Extracted records
____________
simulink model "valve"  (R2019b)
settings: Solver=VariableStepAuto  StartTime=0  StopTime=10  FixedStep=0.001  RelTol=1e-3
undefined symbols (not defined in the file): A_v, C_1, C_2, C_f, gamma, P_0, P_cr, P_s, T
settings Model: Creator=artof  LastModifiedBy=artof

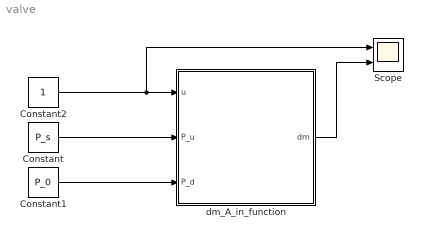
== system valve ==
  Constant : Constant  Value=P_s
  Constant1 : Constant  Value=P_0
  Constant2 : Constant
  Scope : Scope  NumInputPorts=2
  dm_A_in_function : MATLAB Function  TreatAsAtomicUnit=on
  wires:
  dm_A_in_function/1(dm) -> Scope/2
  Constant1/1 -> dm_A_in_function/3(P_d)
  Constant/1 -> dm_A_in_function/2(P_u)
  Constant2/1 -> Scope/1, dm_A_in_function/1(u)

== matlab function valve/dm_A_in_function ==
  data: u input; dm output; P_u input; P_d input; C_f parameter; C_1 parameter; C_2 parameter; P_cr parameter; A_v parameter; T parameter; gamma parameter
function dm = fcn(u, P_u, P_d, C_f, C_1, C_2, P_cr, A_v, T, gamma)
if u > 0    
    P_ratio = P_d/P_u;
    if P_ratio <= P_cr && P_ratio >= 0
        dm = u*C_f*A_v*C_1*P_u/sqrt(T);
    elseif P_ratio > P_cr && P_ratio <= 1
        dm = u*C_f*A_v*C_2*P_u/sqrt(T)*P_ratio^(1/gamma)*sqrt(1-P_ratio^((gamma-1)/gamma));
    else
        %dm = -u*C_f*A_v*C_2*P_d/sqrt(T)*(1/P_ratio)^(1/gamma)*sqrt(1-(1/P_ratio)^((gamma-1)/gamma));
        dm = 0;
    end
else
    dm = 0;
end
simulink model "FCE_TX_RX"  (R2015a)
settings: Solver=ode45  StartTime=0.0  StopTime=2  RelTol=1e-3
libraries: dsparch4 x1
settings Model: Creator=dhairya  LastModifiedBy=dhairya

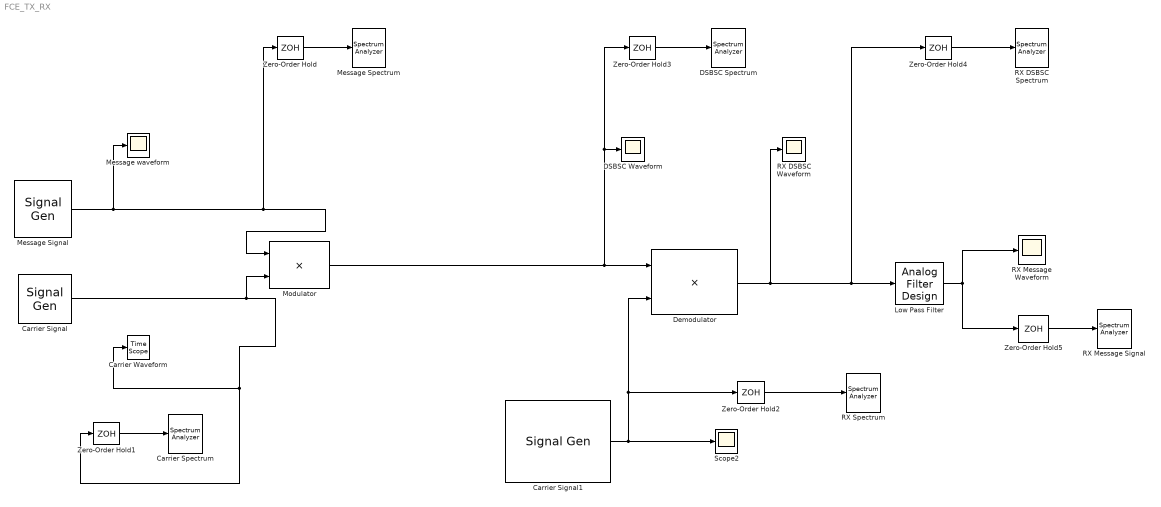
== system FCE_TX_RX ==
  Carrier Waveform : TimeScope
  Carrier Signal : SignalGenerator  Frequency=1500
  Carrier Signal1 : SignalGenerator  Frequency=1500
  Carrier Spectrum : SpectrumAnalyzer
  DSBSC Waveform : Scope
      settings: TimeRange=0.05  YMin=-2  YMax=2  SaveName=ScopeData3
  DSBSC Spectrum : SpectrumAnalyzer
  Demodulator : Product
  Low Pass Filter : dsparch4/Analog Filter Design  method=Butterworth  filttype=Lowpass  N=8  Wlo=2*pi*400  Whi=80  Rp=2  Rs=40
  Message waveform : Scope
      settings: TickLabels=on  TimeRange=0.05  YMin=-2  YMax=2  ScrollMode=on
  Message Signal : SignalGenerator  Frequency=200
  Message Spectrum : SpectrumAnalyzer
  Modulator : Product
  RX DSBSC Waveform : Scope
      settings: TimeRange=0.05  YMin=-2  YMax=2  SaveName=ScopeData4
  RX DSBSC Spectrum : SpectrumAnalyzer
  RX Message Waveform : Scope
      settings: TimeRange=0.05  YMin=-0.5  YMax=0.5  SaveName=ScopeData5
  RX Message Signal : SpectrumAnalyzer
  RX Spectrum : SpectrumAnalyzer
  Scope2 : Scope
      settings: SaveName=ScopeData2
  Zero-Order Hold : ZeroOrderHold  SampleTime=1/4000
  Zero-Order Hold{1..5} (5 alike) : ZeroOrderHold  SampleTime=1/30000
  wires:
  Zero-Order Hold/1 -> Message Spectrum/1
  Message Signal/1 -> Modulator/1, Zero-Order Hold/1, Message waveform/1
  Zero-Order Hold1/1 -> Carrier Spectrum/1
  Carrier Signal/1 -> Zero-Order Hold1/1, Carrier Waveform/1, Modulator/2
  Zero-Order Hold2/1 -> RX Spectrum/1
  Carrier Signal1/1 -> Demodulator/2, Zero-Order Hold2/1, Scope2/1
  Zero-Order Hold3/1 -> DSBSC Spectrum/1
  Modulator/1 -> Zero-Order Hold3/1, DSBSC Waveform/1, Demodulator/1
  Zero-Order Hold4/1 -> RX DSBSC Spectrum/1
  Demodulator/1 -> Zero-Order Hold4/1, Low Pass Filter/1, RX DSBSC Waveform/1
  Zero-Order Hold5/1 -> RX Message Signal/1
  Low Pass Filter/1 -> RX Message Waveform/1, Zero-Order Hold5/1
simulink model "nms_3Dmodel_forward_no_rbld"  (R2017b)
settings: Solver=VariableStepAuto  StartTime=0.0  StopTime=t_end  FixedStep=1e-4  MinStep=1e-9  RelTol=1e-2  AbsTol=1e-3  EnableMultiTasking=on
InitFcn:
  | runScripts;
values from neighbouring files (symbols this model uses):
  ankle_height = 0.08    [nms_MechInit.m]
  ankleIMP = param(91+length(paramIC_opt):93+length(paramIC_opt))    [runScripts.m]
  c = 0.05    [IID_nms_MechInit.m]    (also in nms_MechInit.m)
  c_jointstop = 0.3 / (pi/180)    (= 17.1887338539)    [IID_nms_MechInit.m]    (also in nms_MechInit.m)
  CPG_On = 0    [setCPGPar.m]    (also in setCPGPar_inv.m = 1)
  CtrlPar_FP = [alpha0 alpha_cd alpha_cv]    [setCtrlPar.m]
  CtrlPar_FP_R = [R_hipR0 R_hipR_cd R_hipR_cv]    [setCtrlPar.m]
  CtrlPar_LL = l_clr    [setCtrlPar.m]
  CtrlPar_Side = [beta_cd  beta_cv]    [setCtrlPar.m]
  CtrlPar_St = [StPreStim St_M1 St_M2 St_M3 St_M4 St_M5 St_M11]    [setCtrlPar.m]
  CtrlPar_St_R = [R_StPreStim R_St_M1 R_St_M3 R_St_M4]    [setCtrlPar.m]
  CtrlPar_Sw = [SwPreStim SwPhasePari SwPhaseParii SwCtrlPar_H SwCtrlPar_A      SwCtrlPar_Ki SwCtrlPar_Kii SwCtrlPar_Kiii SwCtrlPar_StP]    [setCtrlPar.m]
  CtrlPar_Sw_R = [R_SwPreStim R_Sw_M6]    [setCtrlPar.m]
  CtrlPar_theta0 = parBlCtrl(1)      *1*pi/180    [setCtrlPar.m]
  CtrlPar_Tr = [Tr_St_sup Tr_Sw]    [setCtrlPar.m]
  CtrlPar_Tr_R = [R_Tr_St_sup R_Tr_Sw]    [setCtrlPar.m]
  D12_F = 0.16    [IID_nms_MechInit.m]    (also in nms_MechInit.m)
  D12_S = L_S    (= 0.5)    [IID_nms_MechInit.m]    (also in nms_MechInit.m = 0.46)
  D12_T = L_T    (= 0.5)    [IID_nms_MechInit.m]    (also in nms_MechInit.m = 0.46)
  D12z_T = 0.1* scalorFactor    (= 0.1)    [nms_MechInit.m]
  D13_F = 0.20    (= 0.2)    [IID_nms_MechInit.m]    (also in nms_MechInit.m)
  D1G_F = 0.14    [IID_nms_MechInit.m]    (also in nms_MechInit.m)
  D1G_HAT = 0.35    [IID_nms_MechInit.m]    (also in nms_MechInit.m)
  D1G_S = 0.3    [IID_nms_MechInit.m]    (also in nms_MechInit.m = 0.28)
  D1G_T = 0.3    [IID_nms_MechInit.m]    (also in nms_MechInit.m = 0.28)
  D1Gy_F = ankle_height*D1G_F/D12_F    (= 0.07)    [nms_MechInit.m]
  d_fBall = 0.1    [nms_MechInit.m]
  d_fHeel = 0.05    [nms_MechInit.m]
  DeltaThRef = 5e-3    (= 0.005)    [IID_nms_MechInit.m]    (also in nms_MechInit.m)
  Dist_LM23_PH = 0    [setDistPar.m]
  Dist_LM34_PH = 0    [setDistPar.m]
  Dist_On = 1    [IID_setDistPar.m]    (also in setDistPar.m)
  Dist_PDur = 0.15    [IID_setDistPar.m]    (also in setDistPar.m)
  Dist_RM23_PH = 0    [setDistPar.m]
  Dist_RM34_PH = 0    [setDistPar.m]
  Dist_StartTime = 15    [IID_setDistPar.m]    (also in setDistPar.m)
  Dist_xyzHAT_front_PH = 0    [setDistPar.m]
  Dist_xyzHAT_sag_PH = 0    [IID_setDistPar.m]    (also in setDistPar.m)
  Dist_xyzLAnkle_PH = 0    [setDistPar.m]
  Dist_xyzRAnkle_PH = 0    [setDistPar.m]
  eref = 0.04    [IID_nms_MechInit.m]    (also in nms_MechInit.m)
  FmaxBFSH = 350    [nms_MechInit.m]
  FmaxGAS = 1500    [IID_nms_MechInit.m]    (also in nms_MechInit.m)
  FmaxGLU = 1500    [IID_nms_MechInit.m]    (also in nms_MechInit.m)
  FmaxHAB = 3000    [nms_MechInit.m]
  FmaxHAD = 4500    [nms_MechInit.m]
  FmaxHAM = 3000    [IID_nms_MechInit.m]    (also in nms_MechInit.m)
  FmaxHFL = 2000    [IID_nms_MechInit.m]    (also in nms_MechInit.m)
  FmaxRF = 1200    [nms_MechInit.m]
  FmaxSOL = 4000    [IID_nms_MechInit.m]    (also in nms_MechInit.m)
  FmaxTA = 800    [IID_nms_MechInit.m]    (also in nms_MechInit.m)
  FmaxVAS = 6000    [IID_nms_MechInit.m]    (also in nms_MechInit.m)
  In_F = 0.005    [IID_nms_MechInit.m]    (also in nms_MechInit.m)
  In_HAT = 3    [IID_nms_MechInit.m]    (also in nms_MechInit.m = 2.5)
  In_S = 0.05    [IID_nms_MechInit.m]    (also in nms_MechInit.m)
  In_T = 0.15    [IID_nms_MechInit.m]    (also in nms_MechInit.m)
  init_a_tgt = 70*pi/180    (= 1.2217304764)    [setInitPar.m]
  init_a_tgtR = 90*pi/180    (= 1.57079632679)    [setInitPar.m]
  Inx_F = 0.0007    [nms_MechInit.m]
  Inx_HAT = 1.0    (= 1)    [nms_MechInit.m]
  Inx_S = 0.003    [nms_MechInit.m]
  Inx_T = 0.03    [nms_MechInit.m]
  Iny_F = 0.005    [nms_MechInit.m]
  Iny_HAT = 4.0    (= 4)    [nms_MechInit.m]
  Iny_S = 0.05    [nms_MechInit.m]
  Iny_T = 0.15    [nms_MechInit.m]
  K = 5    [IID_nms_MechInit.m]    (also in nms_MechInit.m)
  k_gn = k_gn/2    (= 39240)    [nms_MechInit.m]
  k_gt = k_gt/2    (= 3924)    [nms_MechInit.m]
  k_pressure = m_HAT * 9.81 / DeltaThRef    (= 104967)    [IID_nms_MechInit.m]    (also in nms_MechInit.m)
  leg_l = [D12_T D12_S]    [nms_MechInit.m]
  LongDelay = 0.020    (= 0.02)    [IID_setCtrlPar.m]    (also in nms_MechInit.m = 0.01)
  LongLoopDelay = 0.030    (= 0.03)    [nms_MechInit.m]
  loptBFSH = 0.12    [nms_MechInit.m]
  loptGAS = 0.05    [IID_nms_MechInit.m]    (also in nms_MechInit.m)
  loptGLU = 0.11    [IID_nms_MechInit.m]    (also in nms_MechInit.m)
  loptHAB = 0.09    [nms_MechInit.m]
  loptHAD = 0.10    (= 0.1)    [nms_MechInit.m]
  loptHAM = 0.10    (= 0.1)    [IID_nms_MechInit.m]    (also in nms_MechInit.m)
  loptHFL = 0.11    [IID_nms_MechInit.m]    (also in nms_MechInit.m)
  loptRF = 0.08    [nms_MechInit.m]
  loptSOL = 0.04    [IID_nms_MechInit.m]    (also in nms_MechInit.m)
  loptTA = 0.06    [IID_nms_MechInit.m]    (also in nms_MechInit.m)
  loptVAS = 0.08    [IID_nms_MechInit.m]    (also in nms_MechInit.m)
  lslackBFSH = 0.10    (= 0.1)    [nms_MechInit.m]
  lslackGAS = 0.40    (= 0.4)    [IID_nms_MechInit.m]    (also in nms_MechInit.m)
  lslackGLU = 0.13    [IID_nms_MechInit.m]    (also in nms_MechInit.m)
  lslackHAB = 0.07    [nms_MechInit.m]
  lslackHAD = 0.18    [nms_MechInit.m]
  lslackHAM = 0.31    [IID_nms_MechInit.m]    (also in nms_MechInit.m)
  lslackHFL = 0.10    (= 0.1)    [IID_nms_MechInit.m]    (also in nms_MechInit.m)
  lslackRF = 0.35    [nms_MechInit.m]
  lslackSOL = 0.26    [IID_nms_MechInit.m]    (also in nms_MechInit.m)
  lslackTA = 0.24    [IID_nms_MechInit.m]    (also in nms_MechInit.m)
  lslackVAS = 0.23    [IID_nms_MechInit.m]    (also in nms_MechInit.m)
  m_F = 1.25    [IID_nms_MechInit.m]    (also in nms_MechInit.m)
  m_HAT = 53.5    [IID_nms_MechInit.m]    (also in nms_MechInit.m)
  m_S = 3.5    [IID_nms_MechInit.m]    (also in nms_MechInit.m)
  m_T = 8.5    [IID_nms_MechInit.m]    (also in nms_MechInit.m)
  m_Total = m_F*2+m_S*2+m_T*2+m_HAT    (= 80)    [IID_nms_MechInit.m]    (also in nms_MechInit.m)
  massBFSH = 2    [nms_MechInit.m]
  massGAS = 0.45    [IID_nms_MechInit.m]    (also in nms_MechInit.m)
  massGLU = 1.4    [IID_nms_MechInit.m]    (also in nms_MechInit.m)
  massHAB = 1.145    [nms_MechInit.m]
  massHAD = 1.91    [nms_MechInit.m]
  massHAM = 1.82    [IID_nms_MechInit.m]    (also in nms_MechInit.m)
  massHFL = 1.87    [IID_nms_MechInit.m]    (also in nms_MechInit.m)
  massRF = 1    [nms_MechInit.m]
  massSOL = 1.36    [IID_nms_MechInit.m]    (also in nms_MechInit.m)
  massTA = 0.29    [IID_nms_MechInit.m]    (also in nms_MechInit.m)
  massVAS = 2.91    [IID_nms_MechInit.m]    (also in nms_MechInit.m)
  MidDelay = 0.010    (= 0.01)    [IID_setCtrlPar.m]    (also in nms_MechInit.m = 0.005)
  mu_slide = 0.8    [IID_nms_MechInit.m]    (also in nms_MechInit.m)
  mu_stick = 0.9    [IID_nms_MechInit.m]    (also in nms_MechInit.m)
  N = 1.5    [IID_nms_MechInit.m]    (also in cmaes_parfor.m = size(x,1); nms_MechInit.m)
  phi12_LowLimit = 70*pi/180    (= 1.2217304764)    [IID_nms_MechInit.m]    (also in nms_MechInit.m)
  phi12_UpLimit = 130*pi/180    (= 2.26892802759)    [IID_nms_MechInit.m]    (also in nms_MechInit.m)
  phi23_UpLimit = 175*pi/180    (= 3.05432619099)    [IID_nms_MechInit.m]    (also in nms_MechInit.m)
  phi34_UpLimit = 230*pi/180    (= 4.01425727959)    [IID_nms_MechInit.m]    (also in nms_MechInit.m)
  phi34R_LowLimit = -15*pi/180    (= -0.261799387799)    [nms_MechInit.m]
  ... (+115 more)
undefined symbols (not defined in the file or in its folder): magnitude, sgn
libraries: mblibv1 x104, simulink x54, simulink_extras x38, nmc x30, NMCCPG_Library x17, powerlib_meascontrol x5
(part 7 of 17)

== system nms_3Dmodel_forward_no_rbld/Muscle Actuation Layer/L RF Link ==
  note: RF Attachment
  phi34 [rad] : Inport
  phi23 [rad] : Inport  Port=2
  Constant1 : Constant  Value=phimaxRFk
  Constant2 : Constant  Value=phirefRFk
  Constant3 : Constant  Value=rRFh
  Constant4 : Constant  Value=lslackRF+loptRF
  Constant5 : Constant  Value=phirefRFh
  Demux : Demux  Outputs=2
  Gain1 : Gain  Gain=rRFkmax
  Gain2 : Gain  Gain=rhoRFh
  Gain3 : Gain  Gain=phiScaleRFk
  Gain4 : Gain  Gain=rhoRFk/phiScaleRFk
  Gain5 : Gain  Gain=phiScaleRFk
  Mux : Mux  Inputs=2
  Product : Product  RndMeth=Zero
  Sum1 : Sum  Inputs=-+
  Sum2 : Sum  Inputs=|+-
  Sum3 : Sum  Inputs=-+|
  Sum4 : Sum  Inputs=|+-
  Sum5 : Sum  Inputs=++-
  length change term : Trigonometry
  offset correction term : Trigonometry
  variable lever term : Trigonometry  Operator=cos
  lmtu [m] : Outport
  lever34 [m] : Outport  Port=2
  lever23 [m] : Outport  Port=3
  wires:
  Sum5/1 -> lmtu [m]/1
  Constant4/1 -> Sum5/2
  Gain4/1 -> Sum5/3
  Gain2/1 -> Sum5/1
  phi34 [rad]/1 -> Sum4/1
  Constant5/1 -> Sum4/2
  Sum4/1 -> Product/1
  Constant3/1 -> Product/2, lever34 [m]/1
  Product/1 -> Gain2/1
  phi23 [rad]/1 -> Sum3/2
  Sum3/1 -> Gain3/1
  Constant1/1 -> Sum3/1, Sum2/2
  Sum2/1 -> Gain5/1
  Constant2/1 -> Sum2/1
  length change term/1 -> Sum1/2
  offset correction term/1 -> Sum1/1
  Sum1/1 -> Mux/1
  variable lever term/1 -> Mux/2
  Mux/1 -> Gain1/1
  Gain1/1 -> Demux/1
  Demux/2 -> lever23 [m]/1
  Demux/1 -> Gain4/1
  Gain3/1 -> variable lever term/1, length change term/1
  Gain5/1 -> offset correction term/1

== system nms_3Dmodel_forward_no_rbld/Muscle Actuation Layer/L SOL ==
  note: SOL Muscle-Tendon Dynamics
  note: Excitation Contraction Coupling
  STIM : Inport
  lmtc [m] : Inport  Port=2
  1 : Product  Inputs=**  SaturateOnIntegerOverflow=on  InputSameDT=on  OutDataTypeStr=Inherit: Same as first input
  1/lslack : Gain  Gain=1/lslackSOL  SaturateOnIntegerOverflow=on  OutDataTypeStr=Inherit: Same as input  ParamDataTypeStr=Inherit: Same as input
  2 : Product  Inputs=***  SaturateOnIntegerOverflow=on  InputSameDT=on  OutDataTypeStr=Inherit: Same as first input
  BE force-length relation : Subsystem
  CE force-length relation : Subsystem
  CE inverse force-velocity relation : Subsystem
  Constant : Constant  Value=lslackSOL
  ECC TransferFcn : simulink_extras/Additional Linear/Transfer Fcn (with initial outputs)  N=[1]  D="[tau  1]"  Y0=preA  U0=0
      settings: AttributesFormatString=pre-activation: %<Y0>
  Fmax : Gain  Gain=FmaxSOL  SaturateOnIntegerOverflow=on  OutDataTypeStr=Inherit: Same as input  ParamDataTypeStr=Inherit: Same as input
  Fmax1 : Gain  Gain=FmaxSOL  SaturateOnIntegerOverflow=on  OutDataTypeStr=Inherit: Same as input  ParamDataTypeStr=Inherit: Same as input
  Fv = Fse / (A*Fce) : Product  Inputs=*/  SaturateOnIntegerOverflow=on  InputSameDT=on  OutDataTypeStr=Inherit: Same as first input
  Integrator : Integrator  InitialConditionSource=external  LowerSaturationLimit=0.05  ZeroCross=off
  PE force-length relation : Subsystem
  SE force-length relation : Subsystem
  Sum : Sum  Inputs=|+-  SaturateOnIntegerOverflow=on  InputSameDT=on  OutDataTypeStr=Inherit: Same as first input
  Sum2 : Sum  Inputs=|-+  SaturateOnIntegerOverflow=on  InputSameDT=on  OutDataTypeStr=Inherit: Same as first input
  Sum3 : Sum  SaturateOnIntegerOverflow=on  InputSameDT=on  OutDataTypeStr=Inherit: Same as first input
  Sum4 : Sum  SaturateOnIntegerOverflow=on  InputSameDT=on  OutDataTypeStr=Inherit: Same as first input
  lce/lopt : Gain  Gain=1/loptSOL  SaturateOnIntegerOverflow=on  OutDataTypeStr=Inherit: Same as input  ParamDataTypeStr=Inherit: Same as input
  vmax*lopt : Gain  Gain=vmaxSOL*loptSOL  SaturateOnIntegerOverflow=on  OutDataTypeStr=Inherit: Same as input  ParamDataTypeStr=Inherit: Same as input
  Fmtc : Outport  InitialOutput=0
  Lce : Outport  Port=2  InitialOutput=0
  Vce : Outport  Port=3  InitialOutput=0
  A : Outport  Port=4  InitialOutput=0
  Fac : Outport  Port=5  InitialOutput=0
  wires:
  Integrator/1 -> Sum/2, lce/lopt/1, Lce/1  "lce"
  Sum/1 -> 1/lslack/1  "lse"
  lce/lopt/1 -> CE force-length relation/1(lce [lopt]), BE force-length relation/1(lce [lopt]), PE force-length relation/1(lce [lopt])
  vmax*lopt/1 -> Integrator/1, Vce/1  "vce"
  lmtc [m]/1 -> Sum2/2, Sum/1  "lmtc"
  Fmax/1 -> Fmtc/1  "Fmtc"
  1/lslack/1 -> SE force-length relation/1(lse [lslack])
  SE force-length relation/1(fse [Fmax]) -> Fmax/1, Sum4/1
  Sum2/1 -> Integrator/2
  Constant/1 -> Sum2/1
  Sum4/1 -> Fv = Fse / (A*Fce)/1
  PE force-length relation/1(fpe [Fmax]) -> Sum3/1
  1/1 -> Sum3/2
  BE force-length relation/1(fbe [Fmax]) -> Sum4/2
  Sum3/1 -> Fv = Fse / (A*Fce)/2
____________
From the data above, copy each line that has the string "Layer".

> _SOLUTION FOR THIS TASK_
== system nms_3Dmodel_forward_no_rbld/Muscle Actuation Layer/L RF Link ==
== system nms_3Dmodel_forward_no_rbld/Muscle Actuation Layer/L SOL ==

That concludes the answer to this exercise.